### Task directions
Your answer should be the lines below from the one with "constraints: 2 centre point, 2 coincident" to the one with "line L9 (3.4122, 41.5956)", both included, given again exactly and with nothing added.

### Dataset items
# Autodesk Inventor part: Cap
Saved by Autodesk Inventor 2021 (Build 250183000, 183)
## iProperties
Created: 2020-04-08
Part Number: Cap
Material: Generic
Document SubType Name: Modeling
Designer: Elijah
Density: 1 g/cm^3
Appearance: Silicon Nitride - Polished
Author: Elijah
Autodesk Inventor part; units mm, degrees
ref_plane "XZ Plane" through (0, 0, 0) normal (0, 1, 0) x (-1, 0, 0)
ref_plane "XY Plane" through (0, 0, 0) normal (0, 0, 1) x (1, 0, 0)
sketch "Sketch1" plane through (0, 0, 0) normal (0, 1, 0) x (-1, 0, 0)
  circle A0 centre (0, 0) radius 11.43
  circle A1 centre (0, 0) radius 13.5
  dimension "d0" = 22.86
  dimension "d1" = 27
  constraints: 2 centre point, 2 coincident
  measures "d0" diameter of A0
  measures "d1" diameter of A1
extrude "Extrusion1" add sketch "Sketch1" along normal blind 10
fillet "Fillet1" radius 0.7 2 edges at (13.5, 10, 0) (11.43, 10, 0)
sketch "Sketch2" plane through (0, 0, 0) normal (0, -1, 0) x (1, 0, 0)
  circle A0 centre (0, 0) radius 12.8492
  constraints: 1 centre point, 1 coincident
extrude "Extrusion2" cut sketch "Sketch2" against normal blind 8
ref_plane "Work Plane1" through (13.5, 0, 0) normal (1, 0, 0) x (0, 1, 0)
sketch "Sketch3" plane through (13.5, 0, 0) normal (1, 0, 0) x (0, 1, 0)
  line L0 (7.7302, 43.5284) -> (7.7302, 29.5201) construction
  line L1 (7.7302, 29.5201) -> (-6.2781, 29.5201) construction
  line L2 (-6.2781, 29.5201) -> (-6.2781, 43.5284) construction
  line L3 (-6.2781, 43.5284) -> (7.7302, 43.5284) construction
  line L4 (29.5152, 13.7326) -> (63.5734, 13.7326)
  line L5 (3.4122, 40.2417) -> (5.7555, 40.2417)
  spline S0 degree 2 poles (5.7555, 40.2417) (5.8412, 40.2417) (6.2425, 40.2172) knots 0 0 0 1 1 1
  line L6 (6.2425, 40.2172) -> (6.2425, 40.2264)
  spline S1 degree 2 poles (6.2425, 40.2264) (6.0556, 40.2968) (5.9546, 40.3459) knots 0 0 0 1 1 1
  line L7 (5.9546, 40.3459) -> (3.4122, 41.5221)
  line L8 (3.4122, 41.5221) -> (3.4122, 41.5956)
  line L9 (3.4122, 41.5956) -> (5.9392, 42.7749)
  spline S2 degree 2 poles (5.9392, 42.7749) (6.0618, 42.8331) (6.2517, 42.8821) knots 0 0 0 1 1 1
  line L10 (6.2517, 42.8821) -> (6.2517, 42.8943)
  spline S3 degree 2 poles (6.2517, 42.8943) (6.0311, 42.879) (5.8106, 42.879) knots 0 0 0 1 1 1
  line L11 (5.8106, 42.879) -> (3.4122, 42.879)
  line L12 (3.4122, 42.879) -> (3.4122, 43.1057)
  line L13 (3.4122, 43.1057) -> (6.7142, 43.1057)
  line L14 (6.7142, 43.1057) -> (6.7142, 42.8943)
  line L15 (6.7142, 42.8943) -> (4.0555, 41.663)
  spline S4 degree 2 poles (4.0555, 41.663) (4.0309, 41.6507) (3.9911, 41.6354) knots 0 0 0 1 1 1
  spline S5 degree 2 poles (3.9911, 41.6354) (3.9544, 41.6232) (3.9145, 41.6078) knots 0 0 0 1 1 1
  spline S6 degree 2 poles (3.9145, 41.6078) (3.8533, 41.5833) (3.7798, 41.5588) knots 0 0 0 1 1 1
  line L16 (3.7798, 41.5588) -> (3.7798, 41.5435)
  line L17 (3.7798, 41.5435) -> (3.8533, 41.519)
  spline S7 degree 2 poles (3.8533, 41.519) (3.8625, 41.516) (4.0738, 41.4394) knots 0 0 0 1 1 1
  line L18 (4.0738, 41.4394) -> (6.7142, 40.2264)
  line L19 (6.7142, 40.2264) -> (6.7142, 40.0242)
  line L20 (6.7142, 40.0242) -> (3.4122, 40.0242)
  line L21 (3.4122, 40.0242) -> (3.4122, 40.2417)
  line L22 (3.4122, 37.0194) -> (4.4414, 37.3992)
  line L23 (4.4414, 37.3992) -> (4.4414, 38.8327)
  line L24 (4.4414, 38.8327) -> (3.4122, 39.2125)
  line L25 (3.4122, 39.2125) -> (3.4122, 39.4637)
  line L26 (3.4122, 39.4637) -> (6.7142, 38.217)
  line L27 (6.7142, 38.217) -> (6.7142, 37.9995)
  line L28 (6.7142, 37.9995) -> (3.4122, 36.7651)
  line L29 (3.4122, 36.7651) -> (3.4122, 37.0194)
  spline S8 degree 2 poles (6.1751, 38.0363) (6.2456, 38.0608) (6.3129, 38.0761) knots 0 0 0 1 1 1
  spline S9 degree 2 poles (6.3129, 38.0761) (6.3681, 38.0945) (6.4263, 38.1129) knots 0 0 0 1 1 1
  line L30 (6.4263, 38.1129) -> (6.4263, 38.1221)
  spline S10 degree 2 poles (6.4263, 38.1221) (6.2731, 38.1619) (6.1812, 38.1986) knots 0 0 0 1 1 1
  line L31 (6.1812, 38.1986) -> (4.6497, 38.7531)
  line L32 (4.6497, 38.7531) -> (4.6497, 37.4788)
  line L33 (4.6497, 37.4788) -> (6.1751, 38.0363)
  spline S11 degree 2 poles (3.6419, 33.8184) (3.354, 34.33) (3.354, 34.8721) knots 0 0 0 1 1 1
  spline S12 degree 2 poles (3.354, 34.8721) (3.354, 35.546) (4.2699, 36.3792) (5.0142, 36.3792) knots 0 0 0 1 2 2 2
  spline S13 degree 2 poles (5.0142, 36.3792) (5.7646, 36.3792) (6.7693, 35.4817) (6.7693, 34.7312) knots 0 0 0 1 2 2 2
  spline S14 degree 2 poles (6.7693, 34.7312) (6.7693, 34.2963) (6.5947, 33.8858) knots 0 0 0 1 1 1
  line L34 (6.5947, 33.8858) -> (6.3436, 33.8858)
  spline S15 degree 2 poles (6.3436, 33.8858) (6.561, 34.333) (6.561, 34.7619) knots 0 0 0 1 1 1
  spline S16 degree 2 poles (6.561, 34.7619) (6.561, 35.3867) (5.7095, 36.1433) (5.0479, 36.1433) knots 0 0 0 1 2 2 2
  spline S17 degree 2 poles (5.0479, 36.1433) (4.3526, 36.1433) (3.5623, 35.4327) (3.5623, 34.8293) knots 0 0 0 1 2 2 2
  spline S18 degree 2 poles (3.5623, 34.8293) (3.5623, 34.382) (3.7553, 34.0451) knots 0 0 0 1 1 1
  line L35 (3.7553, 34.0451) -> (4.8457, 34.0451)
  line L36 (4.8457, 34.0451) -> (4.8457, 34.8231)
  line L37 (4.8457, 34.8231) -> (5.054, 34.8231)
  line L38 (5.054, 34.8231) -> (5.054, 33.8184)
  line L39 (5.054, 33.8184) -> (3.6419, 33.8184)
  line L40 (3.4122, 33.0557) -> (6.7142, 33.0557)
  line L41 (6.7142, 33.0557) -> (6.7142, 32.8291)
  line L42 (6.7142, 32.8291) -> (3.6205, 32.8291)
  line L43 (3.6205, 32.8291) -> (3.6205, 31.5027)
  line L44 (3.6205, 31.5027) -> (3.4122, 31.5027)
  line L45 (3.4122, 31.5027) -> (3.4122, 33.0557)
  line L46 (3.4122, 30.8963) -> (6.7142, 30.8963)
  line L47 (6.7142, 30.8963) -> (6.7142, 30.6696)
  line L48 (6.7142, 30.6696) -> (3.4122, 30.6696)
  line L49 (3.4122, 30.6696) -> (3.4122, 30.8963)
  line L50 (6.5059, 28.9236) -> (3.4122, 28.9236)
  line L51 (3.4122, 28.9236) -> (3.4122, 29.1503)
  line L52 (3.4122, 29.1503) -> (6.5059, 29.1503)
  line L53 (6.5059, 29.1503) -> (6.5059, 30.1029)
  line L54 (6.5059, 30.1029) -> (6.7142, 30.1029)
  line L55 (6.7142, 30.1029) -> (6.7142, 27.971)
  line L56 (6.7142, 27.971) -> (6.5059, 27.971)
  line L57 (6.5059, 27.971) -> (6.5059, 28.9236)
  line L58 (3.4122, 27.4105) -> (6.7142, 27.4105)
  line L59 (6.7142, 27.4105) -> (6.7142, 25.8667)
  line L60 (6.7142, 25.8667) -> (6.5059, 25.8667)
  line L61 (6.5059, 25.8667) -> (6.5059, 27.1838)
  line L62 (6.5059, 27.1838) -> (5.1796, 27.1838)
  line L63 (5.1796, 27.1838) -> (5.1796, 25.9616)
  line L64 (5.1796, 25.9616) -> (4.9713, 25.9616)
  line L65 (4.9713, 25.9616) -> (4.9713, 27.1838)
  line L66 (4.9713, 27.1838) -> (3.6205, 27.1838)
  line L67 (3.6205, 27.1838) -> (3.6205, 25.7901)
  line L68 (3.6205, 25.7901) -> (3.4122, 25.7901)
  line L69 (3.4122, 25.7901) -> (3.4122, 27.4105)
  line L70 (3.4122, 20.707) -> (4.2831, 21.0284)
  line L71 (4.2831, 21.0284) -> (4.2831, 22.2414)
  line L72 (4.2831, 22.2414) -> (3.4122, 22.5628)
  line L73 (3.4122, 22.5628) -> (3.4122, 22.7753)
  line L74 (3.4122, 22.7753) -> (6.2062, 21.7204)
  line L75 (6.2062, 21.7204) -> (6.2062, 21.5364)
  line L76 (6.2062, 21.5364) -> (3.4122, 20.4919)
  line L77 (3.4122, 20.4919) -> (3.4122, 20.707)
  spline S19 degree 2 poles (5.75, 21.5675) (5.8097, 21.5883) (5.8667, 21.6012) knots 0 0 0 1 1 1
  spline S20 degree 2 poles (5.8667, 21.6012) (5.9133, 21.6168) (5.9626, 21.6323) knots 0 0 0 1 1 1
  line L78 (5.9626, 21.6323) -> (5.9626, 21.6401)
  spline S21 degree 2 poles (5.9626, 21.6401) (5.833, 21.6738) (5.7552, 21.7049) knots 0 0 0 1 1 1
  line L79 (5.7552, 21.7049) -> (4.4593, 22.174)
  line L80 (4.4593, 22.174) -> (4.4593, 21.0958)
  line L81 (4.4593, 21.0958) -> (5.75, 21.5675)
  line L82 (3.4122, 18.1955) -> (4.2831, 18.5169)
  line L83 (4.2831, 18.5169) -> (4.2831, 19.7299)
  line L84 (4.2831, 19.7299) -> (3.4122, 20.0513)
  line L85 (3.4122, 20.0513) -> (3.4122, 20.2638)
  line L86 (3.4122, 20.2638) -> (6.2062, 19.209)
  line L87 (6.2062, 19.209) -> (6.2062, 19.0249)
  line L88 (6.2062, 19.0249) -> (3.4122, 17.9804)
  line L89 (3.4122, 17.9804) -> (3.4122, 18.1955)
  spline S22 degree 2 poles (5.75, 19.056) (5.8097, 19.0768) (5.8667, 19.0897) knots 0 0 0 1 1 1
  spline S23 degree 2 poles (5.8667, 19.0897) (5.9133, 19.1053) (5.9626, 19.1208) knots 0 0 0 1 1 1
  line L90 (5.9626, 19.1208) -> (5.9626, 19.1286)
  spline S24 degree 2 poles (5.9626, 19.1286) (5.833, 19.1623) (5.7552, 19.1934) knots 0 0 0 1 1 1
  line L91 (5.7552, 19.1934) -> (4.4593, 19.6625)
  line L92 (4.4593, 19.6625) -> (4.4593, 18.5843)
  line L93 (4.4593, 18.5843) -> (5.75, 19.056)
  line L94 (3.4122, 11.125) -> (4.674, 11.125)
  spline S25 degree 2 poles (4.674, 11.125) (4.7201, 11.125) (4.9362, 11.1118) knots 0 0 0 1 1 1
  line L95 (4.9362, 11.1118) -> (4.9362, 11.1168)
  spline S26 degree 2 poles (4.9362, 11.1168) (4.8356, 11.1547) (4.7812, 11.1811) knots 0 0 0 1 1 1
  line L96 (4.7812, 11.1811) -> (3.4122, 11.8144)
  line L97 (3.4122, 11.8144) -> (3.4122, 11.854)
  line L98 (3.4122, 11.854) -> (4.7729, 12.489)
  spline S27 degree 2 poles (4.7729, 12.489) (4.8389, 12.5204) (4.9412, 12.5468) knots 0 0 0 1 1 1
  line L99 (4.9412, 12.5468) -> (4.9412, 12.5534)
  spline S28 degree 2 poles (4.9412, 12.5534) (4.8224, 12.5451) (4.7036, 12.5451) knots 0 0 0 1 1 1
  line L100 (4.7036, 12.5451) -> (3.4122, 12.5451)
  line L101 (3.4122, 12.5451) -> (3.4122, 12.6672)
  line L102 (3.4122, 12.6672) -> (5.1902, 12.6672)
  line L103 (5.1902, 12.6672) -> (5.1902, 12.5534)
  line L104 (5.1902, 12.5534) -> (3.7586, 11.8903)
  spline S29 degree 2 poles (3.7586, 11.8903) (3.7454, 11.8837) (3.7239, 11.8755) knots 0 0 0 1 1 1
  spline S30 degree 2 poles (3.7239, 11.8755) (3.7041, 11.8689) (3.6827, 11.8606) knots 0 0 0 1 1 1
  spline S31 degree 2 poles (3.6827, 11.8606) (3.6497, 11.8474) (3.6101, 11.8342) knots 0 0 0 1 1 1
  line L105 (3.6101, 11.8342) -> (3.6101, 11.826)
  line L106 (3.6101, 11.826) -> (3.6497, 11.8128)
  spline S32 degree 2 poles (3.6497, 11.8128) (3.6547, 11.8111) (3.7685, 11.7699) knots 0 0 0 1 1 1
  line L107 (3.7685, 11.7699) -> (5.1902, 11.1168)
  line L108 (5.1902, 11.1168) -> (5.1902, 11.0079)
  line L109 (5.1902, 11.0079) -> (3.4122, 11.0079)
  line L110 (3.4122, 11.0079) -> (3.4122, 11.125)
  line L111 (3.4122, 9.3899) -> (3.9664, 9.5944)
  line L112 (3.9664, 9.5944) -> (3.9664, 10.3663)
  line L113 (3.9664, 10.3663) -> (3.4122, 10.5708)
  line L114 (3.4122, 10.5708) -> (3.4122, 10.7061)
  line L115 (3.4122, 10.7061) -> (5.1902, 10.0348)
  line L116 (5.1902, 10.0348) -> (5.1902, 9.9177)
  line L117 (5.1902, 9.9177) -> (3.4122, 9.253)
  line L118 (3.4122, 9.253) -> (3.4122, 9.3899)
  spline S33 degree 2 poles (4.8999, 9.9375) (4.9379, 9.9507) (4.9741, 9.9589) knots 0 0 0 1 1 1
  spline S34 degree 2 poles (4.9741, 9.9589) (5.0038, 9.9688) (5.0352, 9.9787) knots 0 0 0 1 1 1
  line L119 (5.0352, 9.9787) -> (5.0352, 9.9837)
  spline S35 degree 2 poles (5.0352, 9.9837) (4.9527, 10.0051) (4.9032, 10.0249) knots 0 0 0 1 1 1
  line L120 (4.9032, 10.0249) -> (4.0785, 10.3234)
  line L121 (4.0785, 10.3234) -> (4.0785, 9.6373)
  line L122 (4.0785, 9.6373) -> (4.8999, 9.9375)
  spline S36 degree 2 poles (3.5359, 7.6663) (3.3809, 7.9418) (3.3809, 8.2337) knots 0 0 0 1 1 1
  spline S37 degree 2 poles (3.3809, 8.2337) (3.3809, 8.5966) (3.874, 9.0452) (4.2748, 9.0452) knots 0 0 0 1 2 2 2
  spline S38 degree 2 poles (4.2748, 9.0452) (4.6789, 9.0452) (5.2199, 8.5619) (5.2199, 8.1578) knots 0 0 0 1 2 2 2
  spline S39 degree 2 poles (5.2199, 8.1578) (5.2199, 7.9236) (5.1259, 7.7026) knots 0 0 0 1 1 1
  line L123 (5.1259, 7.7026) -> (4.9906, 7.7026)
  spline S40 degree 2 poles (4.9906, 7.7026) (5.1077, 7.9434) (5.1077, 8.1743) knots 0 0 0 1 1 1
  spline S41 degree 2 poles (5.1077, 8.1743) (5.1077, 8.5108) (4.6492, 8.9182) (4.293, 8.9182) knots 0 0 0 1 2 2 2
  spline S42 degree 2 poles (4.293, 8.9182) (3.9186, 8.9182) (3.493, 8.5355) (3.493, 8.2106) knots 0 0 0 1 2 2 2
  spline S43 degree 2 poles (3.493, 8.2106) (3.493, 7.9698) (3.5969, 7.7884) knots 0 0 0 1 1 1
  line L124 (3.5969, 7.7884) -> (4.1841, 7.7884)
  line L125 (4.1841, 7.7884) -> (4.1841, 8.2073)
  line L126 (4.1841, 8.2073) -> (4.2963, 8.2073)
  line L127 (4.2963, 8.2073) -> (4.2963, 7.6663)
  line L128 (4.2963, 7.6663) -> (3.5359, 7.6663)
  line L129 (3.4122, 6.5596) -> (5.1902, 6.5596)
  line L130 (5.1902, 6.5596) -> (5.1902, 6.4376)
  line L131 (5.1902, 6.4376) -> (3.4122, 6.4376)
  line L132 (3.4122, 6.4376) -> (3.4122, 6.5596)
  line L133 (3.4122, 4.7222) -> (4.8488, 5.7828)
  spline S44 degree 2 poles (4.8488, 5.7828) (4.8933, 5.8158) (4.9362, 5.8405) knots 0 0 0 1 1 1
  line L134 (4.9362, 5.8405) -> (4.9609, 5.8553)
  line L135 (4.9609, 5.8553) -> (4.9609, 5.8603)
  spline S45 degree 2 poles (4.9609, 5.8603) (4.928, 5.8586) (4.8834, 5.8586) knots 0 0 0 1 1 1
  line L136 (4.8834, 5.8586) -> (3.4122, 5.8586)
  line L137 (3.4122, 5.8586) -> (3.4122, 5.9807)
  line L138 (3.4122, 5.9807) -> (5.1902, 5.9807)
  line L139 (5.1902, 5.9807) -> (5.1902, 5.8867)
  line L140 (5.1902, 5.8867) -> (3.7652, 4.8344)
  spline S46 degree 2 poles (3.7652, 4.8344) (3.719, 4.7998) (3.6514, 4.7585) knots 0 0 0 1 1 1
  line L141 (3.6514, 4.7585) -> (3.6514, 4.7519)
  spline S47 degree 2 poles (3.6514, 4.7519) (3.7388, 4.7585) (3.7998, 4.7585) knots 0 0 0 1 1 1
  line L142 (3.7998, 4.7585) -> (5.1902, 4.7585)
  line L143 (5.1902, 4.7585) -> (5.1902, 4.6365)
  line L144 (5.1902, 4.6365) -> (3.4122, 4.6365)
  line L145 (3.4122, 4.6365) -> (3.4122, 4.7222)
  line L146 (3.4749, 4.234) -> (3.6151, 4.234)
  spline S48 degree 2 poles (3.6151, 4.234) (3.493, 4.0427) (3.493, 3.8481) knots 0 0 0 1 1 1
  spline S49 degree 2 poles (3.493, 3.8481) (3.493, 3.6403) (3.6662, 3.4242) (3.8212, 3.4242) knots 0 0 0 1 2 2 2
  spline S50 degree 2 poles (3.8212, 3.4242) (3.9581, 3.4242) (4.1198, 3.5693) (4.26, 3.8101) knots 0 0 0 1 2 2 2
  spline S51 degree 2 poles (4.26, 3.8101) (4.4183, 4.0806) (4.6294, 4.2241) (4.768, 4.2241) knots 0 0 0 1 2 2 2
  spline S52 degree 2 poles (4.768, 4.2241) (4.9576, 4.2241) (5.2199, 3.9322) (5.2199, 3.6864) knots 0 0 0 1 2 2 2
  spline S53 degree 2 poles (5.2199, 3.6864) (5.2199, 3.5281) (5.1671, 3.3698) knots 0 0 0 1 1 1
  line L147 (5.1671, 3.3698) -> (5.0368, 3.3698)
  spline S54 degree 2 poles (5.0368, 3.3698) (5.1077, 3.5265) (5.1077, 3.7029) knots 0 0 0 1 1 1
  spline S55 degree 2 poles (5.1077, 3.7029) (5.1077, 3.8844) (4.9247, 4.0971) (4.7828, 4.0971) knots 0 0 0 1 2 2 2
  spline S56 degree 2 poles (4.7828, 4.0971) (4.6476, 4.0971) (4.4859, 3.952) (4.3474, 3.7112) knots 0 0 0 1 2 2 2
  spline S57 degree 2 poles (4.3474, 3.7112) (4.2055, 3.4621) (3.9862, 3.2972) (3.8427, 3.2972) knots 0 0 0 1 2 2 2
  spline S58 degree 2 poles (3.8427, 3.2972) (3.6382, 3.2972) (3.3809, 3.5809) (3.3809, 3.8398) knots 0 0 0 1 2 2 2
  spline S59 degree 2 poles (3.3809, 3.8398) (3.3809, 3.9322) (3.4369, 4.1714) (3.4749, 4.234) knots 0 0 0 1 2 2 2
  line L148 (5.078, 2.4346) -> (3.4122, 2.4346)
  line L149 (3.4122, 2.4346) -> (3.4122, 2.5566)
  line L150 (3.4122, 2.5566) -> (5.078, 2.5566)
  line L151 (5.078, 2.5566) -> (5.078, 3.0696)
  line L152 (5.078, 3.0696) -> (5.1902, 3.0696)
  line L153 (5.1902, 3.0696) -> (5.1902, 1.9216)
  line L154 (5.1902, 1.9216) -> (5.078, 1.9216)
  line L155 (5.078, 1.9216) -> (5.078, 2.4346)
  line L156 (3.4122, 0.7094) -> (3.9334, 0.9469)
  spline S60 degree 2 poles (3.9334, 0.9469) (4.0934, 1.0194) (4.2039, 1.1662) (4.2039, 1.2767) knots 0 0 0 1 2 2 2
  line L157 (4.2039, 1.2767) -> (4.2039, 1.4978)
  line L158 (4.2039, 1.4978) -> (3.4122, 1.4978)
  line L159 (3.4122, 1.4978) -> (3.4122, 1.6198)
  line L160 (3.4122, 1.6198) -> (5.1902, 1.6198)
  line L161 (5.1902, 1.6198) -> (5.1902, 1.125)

### Response box
  constraints: 2 centre point, 2 coincident
  measures "d0" diameter of A0
  measures "d1" diameter of A1
extrude "Extrusion1" add sketch "Sketch1" along normal blind 10
fillet "Fillet1" radius 0.7 2 edges at (13.5, 10, 0) (11.43, 10, 0)
sketch "Sketch2" plane through (0, 0, 0) normal (0, -1, 0) x (1, 0, 0)
  circle A0 centre (0, 0) radius 12.8492
  constraints: 1 centre point, 1 coincident
extrude "Extrusion2" cut sketch "Sketch2" against normal blind 8
ref_plane "Work Plane1" through (13.5, 0, 0) normal (1, 0, 0) x (0, 1, 0)
sketch "Sketch3" plane through (13.5, 0, 0) normal (1, 0, 0) x (0, 1, 0)
  line L0 (7.7302, 43.5284) -> (7.7302, 29.5201) construction
  line L1 (7.7302, 29.5201) -> (-6.2781, 29.5201) construction
  line L2 (-6.2781, 29.5201) -> (-6.2781, 43.5284) construction
  line L3 (-6.2781, 43.5284) -> (7.7302, 43.5284) construction
  line L4 (29.5152, 13.7326) -> (63.5734, 13.7326)
  line L5 (3.4122, 40.2417) -> (5.7555, 40.2417)
  spline S0 degree 2 poles (5.7555, 40.2417) (5.8412, 40.2417) (6.2425, 40.2172) knots 0 0 0 1 1 1
  line L6 (6.2425, 40.2172) -> (6.2425, 40.2264)
  spline S1 degree 2 poles (6.2425, 40.2264) (6.0556, 40.2968) (5.9546, 40.3459) knots 0 0 0 1 1 1
  line L7 (5.9546, 40.3459) -> (3.4122, 41.5221)
  line L8 (3.4122, 41.5221) -> (3.4122, 41.5956)
  line L9 (3.4122, 41.5956) -> (5.9392, 42.7749)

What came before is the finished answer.